§ **Exercise prompt**
The following data has a line with "doc.layers.add('DIMENSION', color=7, linetype='Continuous')" and a line with "doc.styles.add('style2', font='ARIALN.TTF')". Write out exactly those lines and all the lines between them.

=== Begin Enclosure ===

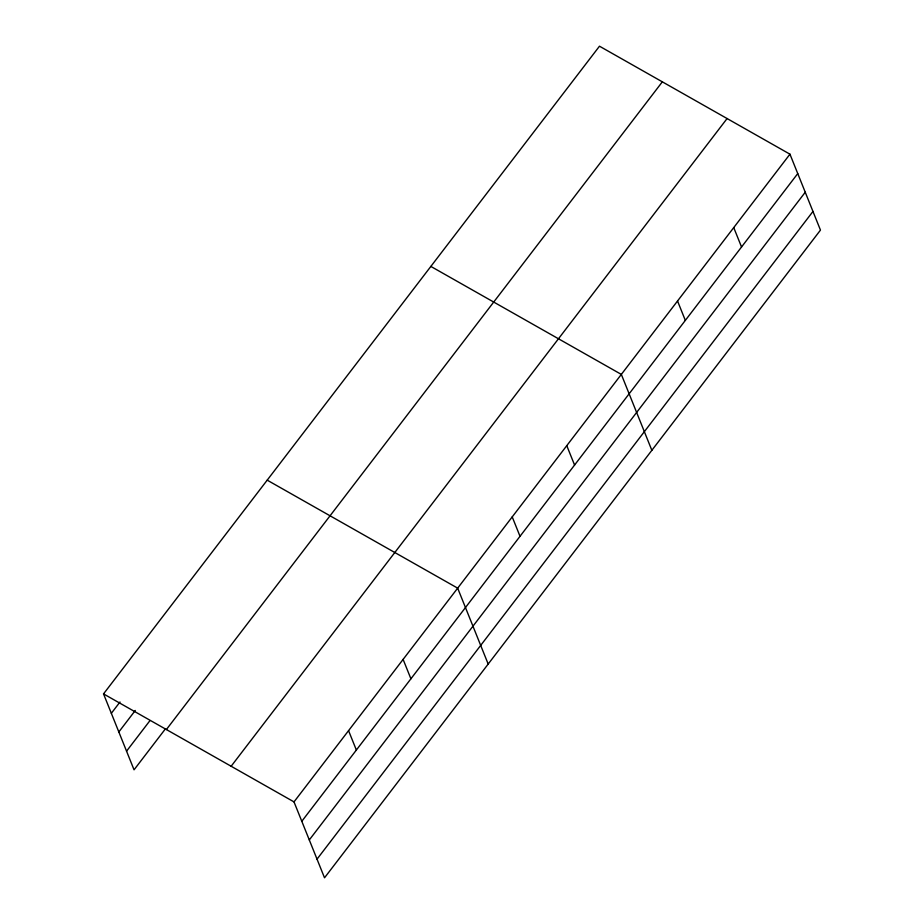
<?xml version="1.0" encoding="UTF-8"?>
<svg xmlns="http://www.w3.org/2000/svg" width="924" height="924" viewBox="0 0 924 924"><rect width="100%" height="100%" fill="white"/><g stroke="black" fill="none" stroke-linecap="round" stroke-linejoin="round"><path stroke-width="1.39" d="M103.534 693.901L599.48 46.2L789.951 154.181L820.466 230.099L324.52 877.8L294.005 801.893L103.534 693.901L134.049 769.819L165.223 729.105M111.342 713.305L119.993 701.997M118.838 731.958L135.285 710.464M126.553 751.166L149.942 720.639M166.389 729.544L662.335 81.832M231.15 766.25L727.096 118.549M294.005 801.893L789.951 154.181M301.802 821.297L797.747 173.585M309.297 839.939L805.243 192.238M317.024 859.158L812.97 211.446M430.861 266.424L621.332 374.405L651.847 450.311M267.198 480.157L457.669 588.149L488.184 664.056M733.737 227.593L741.545 246.997M677.535 300.993L685.331 320.409M566.77 445.657L574.578 465.061M512.219 516.897L520.016 536.301M403.107 659.389L410.914 678.805M348.556 730.641L356.364 750.045"/></g></svg>
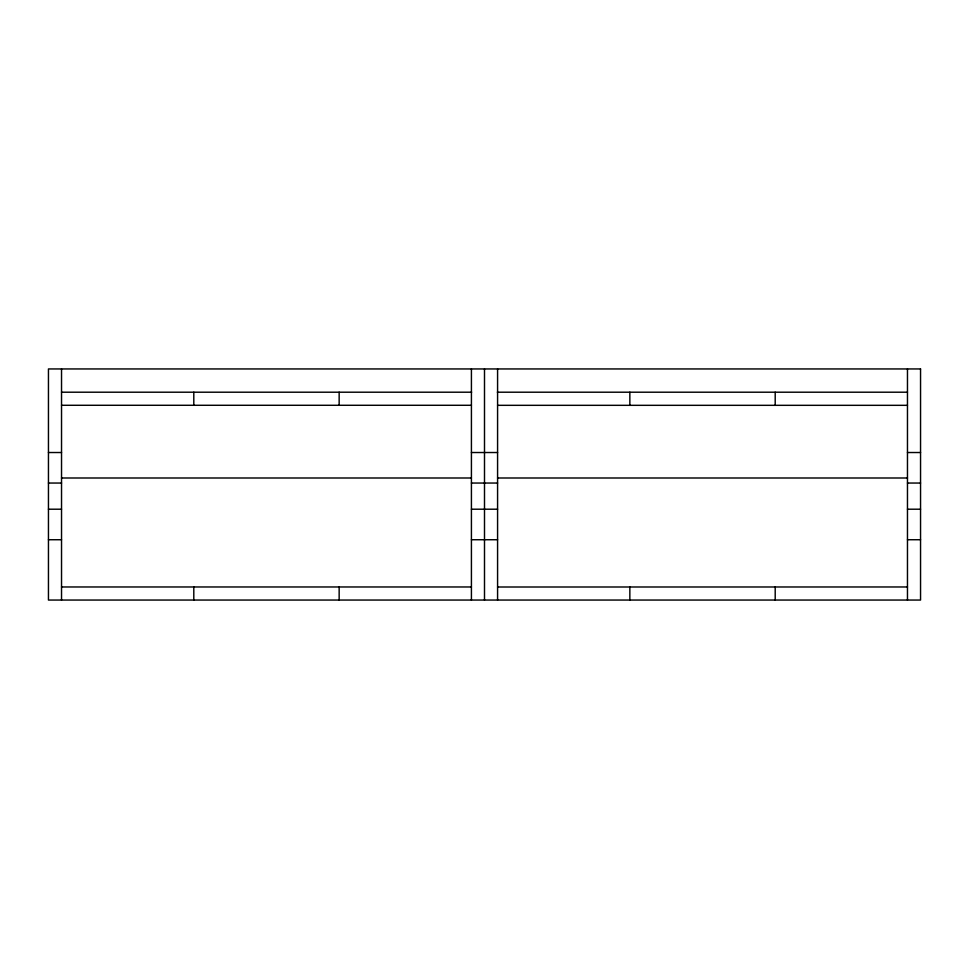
<?xml version="1.0" encoding="UTF-8"?>
<svg xmlns="http://www.w3.org/2000/svg" width="969" height="969" viewBox="0 0 969 969"><rect width="100%" height="100%" fill="white"/><g stroke="black" fill="none" stroke-linecap="round" stroke-linejoin="round"><path stroke-width="1.45" d="M61.531 392.203L471.637 392.203M497.363 392.203L907.469 392.203M61.531 405.284L471.418 405.284M497.582 405.321L907.469 405.321M48.45 452.523L61.531 452.523M471.418 452.523L497.582 452.523M907.469 452.523L920.55 452.523M61.531 477.996L471.418 477.996M497.582 477.996L907.469 477.996M48.45 483.046L61.531 483.046M471.418 483.046L497.582 483.046M907.469 483.046L920.55 483.046M48.45 509.209L61.531 509.209M471.418 509.209L497.582 509.209M907.469 509.209L920.55 509.209M48.45 539.733L61.531 539.733M471.418 539.733L497.582 539.733M907.469 539.733L920.55 539.733M61.531 586.972L471.418 586.972M497.582 587.008L907.469 586.972M907.469 368.947L907.469 600.053M775.2 392.203L775.2 405.284M775.2 586.972L775.2 600.053M629.85 392.203L629.85 405.284M629.85 586.972L629.85 600.053M497.582 368.947L497.582 600.053M484.5 368.947L484.5 600.053M471.418 368.947L471.418 600.053M339.15 392.203L339.15 405.284M339.15 586.972L339.15 600.053M193.8 392.203L193.8 405.284M193.8 586.972L193.8 600.053M61.531 368.947L61.531 600.053M920.55 368.947L48.45 368.947L48.45 600.053L920.55 600.053L920.55 368.947"/></g></svg>
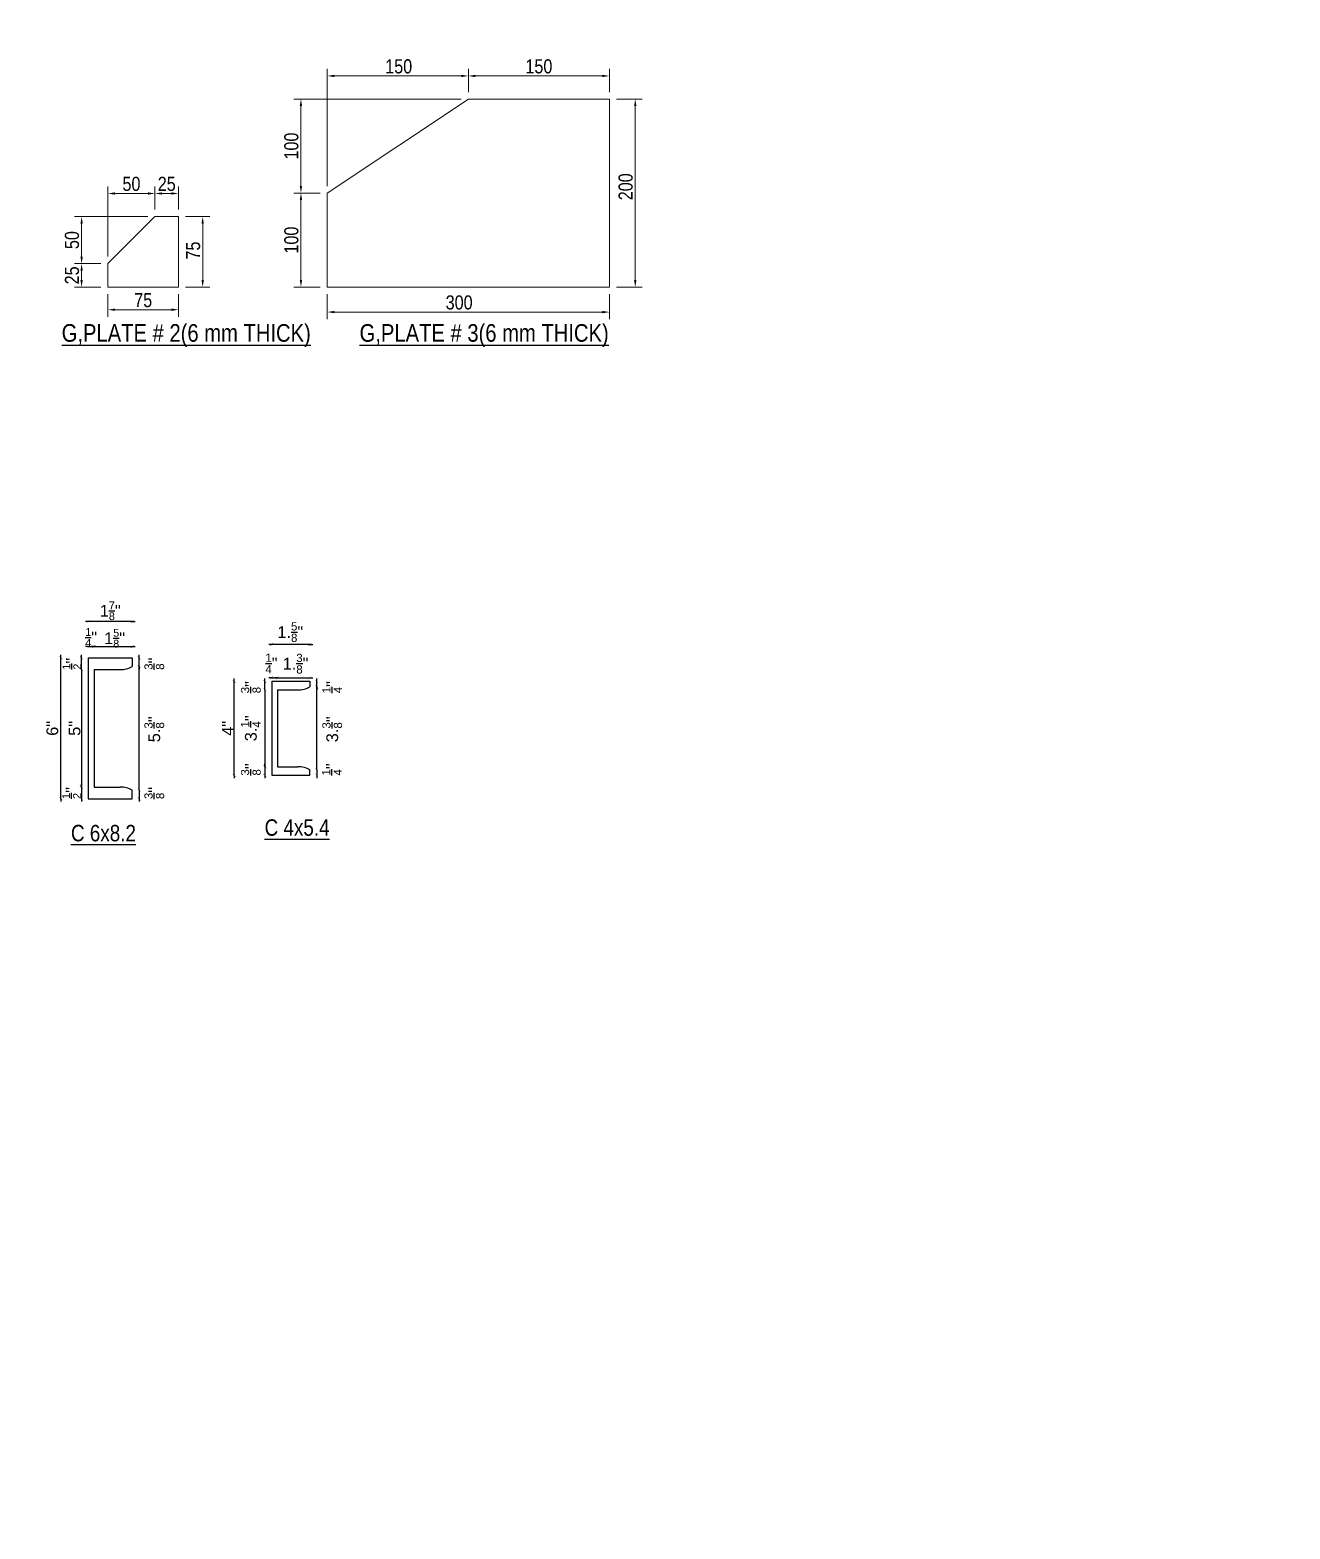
# Model space of a CAD drawing. Header units: millimetres. Extents: x 0 to 2669304, y -3314102 to 0.
# Drawn here: x 2423136.3 to 2423189.9, y -3103921.3 to -3103857.5 of the extents above; entities that cross this region are included whole.
import ezdxf
from ezdxf import colors
from ezdxf.entities.mleader import LeaderData, LeaderLine
from ezdxf.math import Vec2, Vec3

# ---------------------------------------------------------------- set-up
doc = ezdxf.new("R2010")
doc.units = ezdxf.units.MM
doc.header["$LTSCALE"] = 0.4
doc.header["$MEASUREMENT"] = 0
doc.header["$PDMODE"] = 34
for name, color, linetype, lineweight in [('1NSDIM0', 7, 'Continuous', 9), ('Layer1', 1, 'Continuous', 5), ('Layer4', 3, 'Continuous', 25), ('Text Small', 7, 'Continuous', 0)]:
    doc.layers.add(name, color=color, linetype=linetype, lineweight=lineweight)
doc.layers.add('DIMENSION', color=7, linetype='Continuous')
doc.layers.add('TAXT', color=7, linetype='Continuous')
doc.styles.add('LIGHT', font='arial.ttf')
doc.styles.get("Standard").update_dxf_attribs({"font": 'ARIALN.TTF'})
doc.styles.add('style2', font='ARIALN.TTF')
doc.dimstyles.new('shahid', dxfattribs={"dimtxt": 37.0005, "dimasz": 20, "dimexe": 8, "dimexo": 10, "dimgap": 5, "dimtad": 3, "dimdec": 0, "dimrnd": 1, "dimzin": 0, "dimdsep": 46, "dimtxsty": 'style2', "dimcen": 0.09, "dimclrt": 1, "dimadec": 0, "dimazin": 0, "dimtfac": 1, "dimtdec": 0, "dimtix": 1, "dimtmove": 1, "dimatfit": 3, "dimfxl": 0, "dimtolj": 1, "dimtzin": 0, "dimlwd": 5, "dimlwe": 5, "dimarcsym": 0})
doc.dimstyles.new('STANDARD$0', dxfattribs={"dimscale": 0, "dimtxt": 9, "dimasz": 5, "dimexe": 3, "dimexo": 4, "dimgap": 4, "dimtad": 1, "dimdec": 3, "dimzin": 3, "dimdsep": 46, "dimlunit": 4, "dimtxsty": 'LIGHT', "dimblk1": 'ARCHTICK', "dimblk2": 'ARCHTICK', "dimsah": 1, "dimcen": 4, "dimdle": 2, "dimadec": 0, "dimazin": 0, "dimtfac": 0.66, "dimtdec": 3, "dimtofl": 0, "dimtmove": 1, "dimatfit": 3, "dimldrblk": 'ARCHTICK', "dimfxl": 0, "dimfrac": 1, "dimtolj": 1, "dimtzin": 13, "dimarcsym": 0})

# ---------------------------------------------------------------- blocks, each defined once
blk = doc.blocks.new('_ArchTick')
at = {"color": 0, "linetype": 'ByBlock', "const_width": 0.15}
blk.add_lwpolyline([(-0.5, -0.5), (0.5, 0.5)], dxfattribs=at)
blk = doc.blocks.new('*D938')
at = {"layer": 'Defpoints', "color": 0, "ltscale": 3}
for p in [(2423137.659, -3103884.203), (2423138.427, -3103884.203), (2423138.427, -3103890.203)]:
    blk.add_point(p, dxfattribs=at)
at = {"layer": 'DIMENSION', "color": 0, "lineweight": -2, "ltscale": 3}
for p, q in [((2423137.659, -3103884.203), (2423137.659, -3103884.083)), ((2423137.659, -3103890.203), (2423137.659, -3103884.203)), ((2423137.659, -3103890.203), (2423137.659, -3103890.323))]:
    blk.add_line(p, q, dxfattribs=at)
at = {"layer": 'DIMENSION', "color": 0, "lineweight": -2, "ltscale": 3, "xscale": 0.12, "yscale": 0.12, "zscale": 0.12}
for p, rotation in [((2423137.659, -3103884.203), 270), ((2423137.659, -3103890.203), 90)]:
    blk.add_blockref('_ArchTick', p, dxfattribs=dict(at, rotation=rotation))
at = {"layer": 'DIMENSION', "color": 0, "ltscale": 3, "insert": (2423137.292, -3103887.203), "char_height": 0.5, "attachment_point": 5, "rotation": 90, "style": 'LIGHT'}
blk.add_mtext('\\A1;6"', dxfattribs=at)
blk = doc.blocks.new('*D939')
at = {"layer": 'Defpoints', "color": 0, "ltscale": 3}
for p in [(2423139.066, -3103884.703), (2423138.527, -3103889.703), (2423139.066, -3103889.703)]:
    blk.add_point(p, dxfattribs=at)
at = {"layer": 'DIMENSION', "color": 0, "lineweight": -2, "ltscale": 3}
for p, q in [((2423138.527, -3103884.703), (2423138.527, -3103884.583)), ((2423138.527, -3103884.703), (2423138.527, -3103889.703)), ((2423138.527, -3103889.703), (2423138.527, -3103889.823))]:
    blk.add_line(p, q, dxfattribs=at)
at = {"layer": 'DIMENSION', "color": 0, "lineweight": -2, "ltscale": 3, "xscale": 0.12, "yscale": 0.12, "zscale": 0.12}
for p, rotation in [((2423138.527, -3103884.703), 270), ((2423138.527, -3103889.703), 90)]:
    blk.add_blockref('_ArchTick', p, dxfattribs=dict(at, rotation=rotation))
at = {"layer": 'DIMENSION', "color": 0, "ltscale": 3, "insert": (2423138.237, -3103887.203), "char_height": 0.5, "attachment_point": 5, "rotation": 90, "style": 'LIGHT'}
blk.add_mtext('\\A1;5"', dxfattribs=at)
blk = doc.blocks.new('*D940')
at = {"layer": 'Defpoints', "color": 0, "ltscale": 3}
for p in [(2423139.066, -3103889.703), (2423138.527, -3103890.203), (2423139.066, -3103890.203)]:
    blk.add_point(p, dxfattribs=at)
at = {"layer": 'DIMENSION', "color": 0, "lineweight": -2, "ltscale": 3}
for p, q in [((2423138.527, -3103889.703), (2423138.527, -3103889.583)), ((2423138.527, -3103889.703), (2423138.527, -3103890.203)), ((2423138.527, -3103890.203), (2423138.527, -3103890.323))]:
    blk.add_line(p, q, dxfattribs=at)
at = {"layer": 'DIMENSION', "color": 0, "lineweight": -2, "ltscale": 3, "xscale": 0.12, "yscale": 0.12, "zscale": 0.12}
for p, rotation in [((2423138.527, -3103889.703), 270), ((2423138.527, -3103890.203), 90)]:
    blk.add_blockref('_ArchTick', p, dxfattribs=dict(at, rotation=rotation))
at = {"layer": 'DIMENSION', "color": 0, "ltscale": 3, "insert": (2423138.107, -3103889.953), "char_height": 0.5, "attachment_point": 5, "rotation": 90, "style": 'LIGHT'}
blk.add_mtext('\\A1;{\\H0.66x;\\S1/2;}"', dxfattribs=at)
blk = doc.blocks.new('*D941')
at = {"layer": 'Defpoints', "color": 0, "ltscale": 3}
for p in [(2423138.527, -3103884.203), (2423139.066, -3103884.203), (2423139.066, -3103884.703)]:
    blk.add_point(p, dxfattribs=at)
at = {"layer": 'DIMENSION', "color": 0, "lineweight": -2, "ltscale": 3}
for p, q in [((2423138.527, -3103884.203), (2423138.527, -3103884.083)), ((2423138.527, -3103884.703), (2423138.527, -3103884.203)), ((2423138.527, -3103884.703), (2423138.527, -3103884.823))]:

=== End Enclosure ===

§ **Exercise output**
doc.layers.add('DIMENSION', color=7, linetype='Continuous')
doc.layers.add('TAXT', color=7, linetype='Continuous')
doc.styles.add('LIGHT', font='arial.ttf')
doc.styles.get("Standard").update_dxf_attribs({"font": 'ARIALN.TTF'})
doc.styles.add('style2', font='ARIALN.TTF')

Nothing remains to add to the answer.